Governance

MEGA is a schedule 3D entity by virtue of it being the successor in title of the erstwhile MEGA, which was established by the then MEGA Act No.4 of 2005. MEGA is governed by a duly appointed Board of Directors. Schedule 3D entities are regulated by Sections 47 & 76(4) of the PFMA. The Board of Directors is the Accounting Authority of the Agency as contemplated in Section 49(2) (a) of the Public Finance Management Act of 1999, and Section. 5(1) of the MEGA Act No. 1 of 2010 (hereafter referred to as the “Act”).

The Board shall, in respect of the exercise & performance of its powers & functions, be accountable to the Member of the Executive Council. (Section.5 (2) of the MEGA, Act 1 of 2010).

Composition of the Board

The Members of the Board are appointed in terms of the Act by the Member of the Executive Council responsible for Economic Development and Tourism for a period not exceeding four (4) years, but are eligible for re-appointment. The composition of the Board is prescribed by the Act which permits a minimum of nine [9] and a maximum of eleven [11] Members, all of whom shall be non-executive members. In terms of the Act, the CEO is an ex officio member of the Board without any voting rights
at meetings of the Board (Section. 5(4) of the MEGA Act 1 of 2010).
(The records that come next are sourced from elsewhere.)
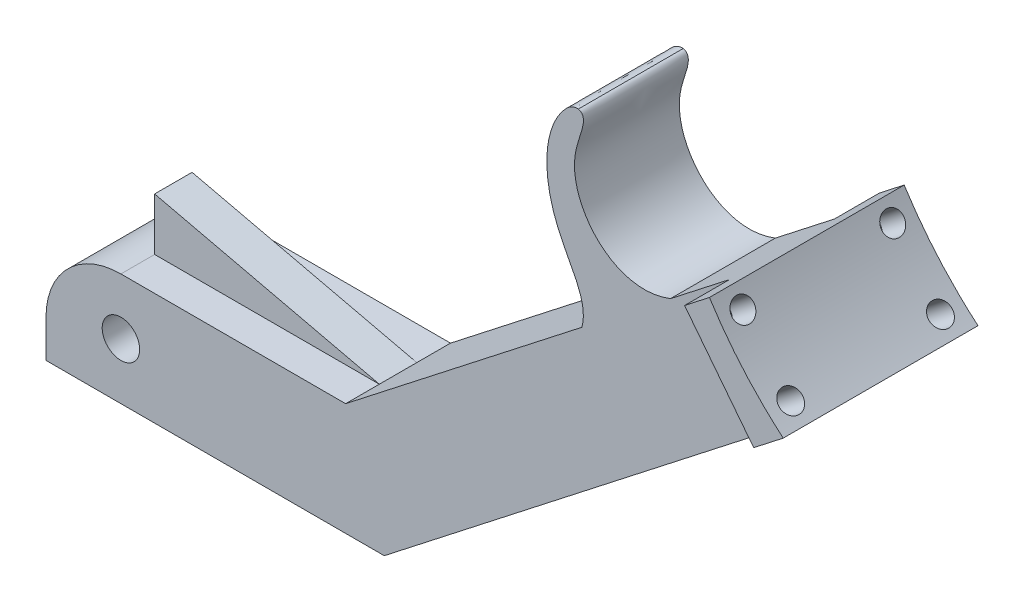
SolidWorks part; units mm, degrees
ref_plane "Alzado" through (0, 0, 0) normal (0, 0, 1) x (1, 0, 0)
ref_plane "Planta" through (0, 0, 0) normal (0, 1, 0) x (1, 0, 0)
ref_plane "Vista lateral" through (0, 0, 0) normal (1, 0, 0) x (0, 0, -1)
sketch "Croquis1" plane through (0, 0, 0) normal (0, 0, 1) x (1, 0, 0)
  line L0 (-73.3375, -31.997) -> (-73.3375, -16.997)
  line L1 (-73.3375, -16.997) -> (-53.3375, -16.997)
  line L2 (-53.3375, -16.997) -> (-33.3375, -16.997)
  line L3 (-33.3375, -16.997) -> (-1.7977, 7.6047)
  line L4 (21.8572, 26.056) -> (31.0828, 14.2285)
  line L5 (31.0828, 14.2285) -> (-28.1791, -31.997)
  line L6 (-28.1791, -31.997) -> (-73.3375, -31.997)
  line L7 (21.8572, 26.056) -> (10.0297, 16.8303)
  spline S0 degree 3 poles (-2.2711, 32.6002) (-3.1207, 32.6509) (-7.1404, 28.9301) (-6.8511, 20.6562) (-2.9703, 13.5979) (-1.1496, 10.0221) (-1.7977, 7.6047) knots 0 0 0 0 0.086866 0.57373 0.743201 1 1 1 1
  spline S1 degree 3 poles (-2.2711, 32.6002) (-1.9579, 32.5713) (-1.551, 32.096) (-1.6256, 30.6782) (-2.2939, 28.9906) (-4.1149, 21.5386) (2.7027, 13.9373) (10.0297, 16.8303) knots 0 0 0 0 0.035853 0.067044 0.168418 0.258673 1 1 1 1
  dimension "D1" = 15
  dimension "D2" = 20
  dimension "D3" = 20
  dimension "D4" = 70
  dimension "D5" = 15
  dimension "D6" = 15
  dimension "D7" = 20
extrude "Saliente-Extruir1" add sketch "Croquis1" along normal mid plane 14
sketch "Croquis2" plane through (0, 0, 7) normal (0, 0, 1) x (1, 0, 0)
  line L0 (-73.3375, -16.997) -> (-73.3375, -31.997) construction
  circle A0 centre (-63.3375, -12.1961) radius 2.5
  dimension "D1" = 5
  dimension "D2" = 10
extrude "Cortar-Extruir1" cut sketch "Croquis2" against normal blind 40 rebuild error yes
sketch "Croquis4" plane through (0, 0, 7) normal (0, 0, 1) x (1, 0, 0)
  line L0 (21.8572, 26.056) -> (17.9147, 22.9807)
  line L1 (31.0828, 14.2285) -> (21.8572, 26.056) construction
  line L2 (21.8572, 26.056) -> (10.0297, 16.8303) construction
  line L3 (17.9147, 22.9807) -> (27.1403, 11.1533)
  line L4 (-28.1791, -31.997) -> (31.0828, 14.2285) construction
  line L5 (27.1403, 11.1533) -> (31.0828, 14.2285)
  line L6 (31.0828, 14.2285) -> (21.8572, 26.056)
  dimension "D1" = 5
extrude "Saliente-Extruir2" add sketch "Croquis4" along normal blind 6
mirror "Simetría1" about plane through (0, 0, 0) normal (0, 0, 1) of "Saliente-Extruir2"
sketch "Croquis5" plane through (0, 0, 13) normal (0, 0, 1) x (1, 0, 0)
  line L0 (21.8572, 26.056) -> (17.9147, 22.9807) construction
  line L1 (21.2279, 25.5651) -> (21.8572, 26.056)
  line L2 (21.8572, 26.056) -> (31.0828, 14.2285)
  spline S0 degree 2 poles (31.0828, 14.2285) (25.2919, 19.1517) (21.2279, 25.5651) knots 0 0 0 1 1 1
extrude "Cortar-Extruir2" cut sketch "Croquis5" against normal through all
sketch "Croquis6" plane through (22.2827, 17.3809, 0) normal (-0.7885, -0.615, 0) x (0, 0, 1)
  line L0 (-13, 7.1019) -> (-7, 7.1019) construction
  line L1 (-13, -7.8981) -> (-7, -7.8981) construction
  circle A0 centre (-20.726, 4.1019) radius 1.5
  circle A1 centre (-20.726, -4.8981) radius 1.5
  dimension "D1" = 3
  dimension "D2" = 3
  dimension "D3" = 3
  dimension "D4" = 3
extrude "Cortar-Extruir3" cut sketch "Croquis6" against normal through all rebuild error yes
mirror "Simetría2" about plane through (0, 0, 0) normal (0, 0, 1) rebuild error yes
sketch "Croquis7" plane through (0, 0, 0) normal (0, 0, 1) x (1, 0, 0)
  line L1 (-33.3375, -16.997) -> (-73.3375, -16.997) construction
  line L3 (-33.3375, -16.997) -> (-47.5676, -16.997)
  line L4 (-47.5676, -16.997) -> (-63.3376, -16.997)
  line L5 (-63.3376, -16.997) -> (-63.3376, -9.997)
  line L6 (-63.3376, -9.997) -> (-33.3375, -16.997)
  dimension "D1" = 15.77
extrude "Saliente-Extruir3" add sketch "Croquis7" along normal mid plane 5
sketch "Croquis8" plane through (22.2827, 17.3809, 0) normal (-0.7885, -0.615, 0) x (0, 0, 1)
  circle A0 centre (-10, 4.4796) radius 1.5
  circle A1 centre (-10, -5.2357) radius 1.5
  dimension "D1" = 3
  dimension "D2" = 3
extrude "Cortar-Extruir4" cut sketch "Croquis8" against normal up to next
mirror "Simetría3" about plane through (0, 0, 0) normal (0, 0, 1) of "Cortar-Extruir4"
sketch "Croquis9" plane through (0, 0, 7) normal (0, 0, 1) x (1, 0, 0)
  line L0 (-73.3375, -16.997) -> (-73.3375, -31.997) construction
  circle A0 centre (-63.3375, -24.497) radius 2.5
  dimension "D1" = 5
  dimension "D2" = 10
extrude "Cortar-Extruir5" cut sketch "Croquis9" against normal up to next
fillet "Redondeo1" radius 10 1 edges at (-73.3375, -16.997, 0)

In accordance with the aforementioned parameters of corporate governance, the Board must specifically:

Role of the Board

Retain full and effective control over MEGA, and monitor management’s implementation of the strategic plans and financial objectives as defined by the Board;

Define levels of materiality, reserving specific powers to itself and delegating other matters, with the necessary written authority, to management;

Continually monitor and review the exercise by management of delegated powers;

Ensure that a comprehensive system of policies and procedures is in place and that appropriate governance structures exist to ensure the smooth, efficient and prudent stewardship of MEGA;

Ensure compliance by MEGA with all relevant laws and regulations, audit and accounting principles, MEGA’s codes of ethics and conduct, and such other principles as may be established by the Board from time to time;

Regularly review and evaluate the risks to the business of MEGA, including information technology (“IT”) risks;

Ensure the existence of comprehensive, appropriate internal controls to mitigate against such risks, as well as ensure that there is an effective risk-based internal audit;

Exercise objective judgment on the affairs of MEGA, independent from management, but with sufficient management information to enable a proper and informed assessment to be made;

and Identify and monitor non-financial aspects relevant to the business of MEGA, and ensure that MEGA acts responsibly towards all relevant stakeholders having a legitimate interest in its affairs in order to ensure that MEGA is seen to be a responsible corporate citizen.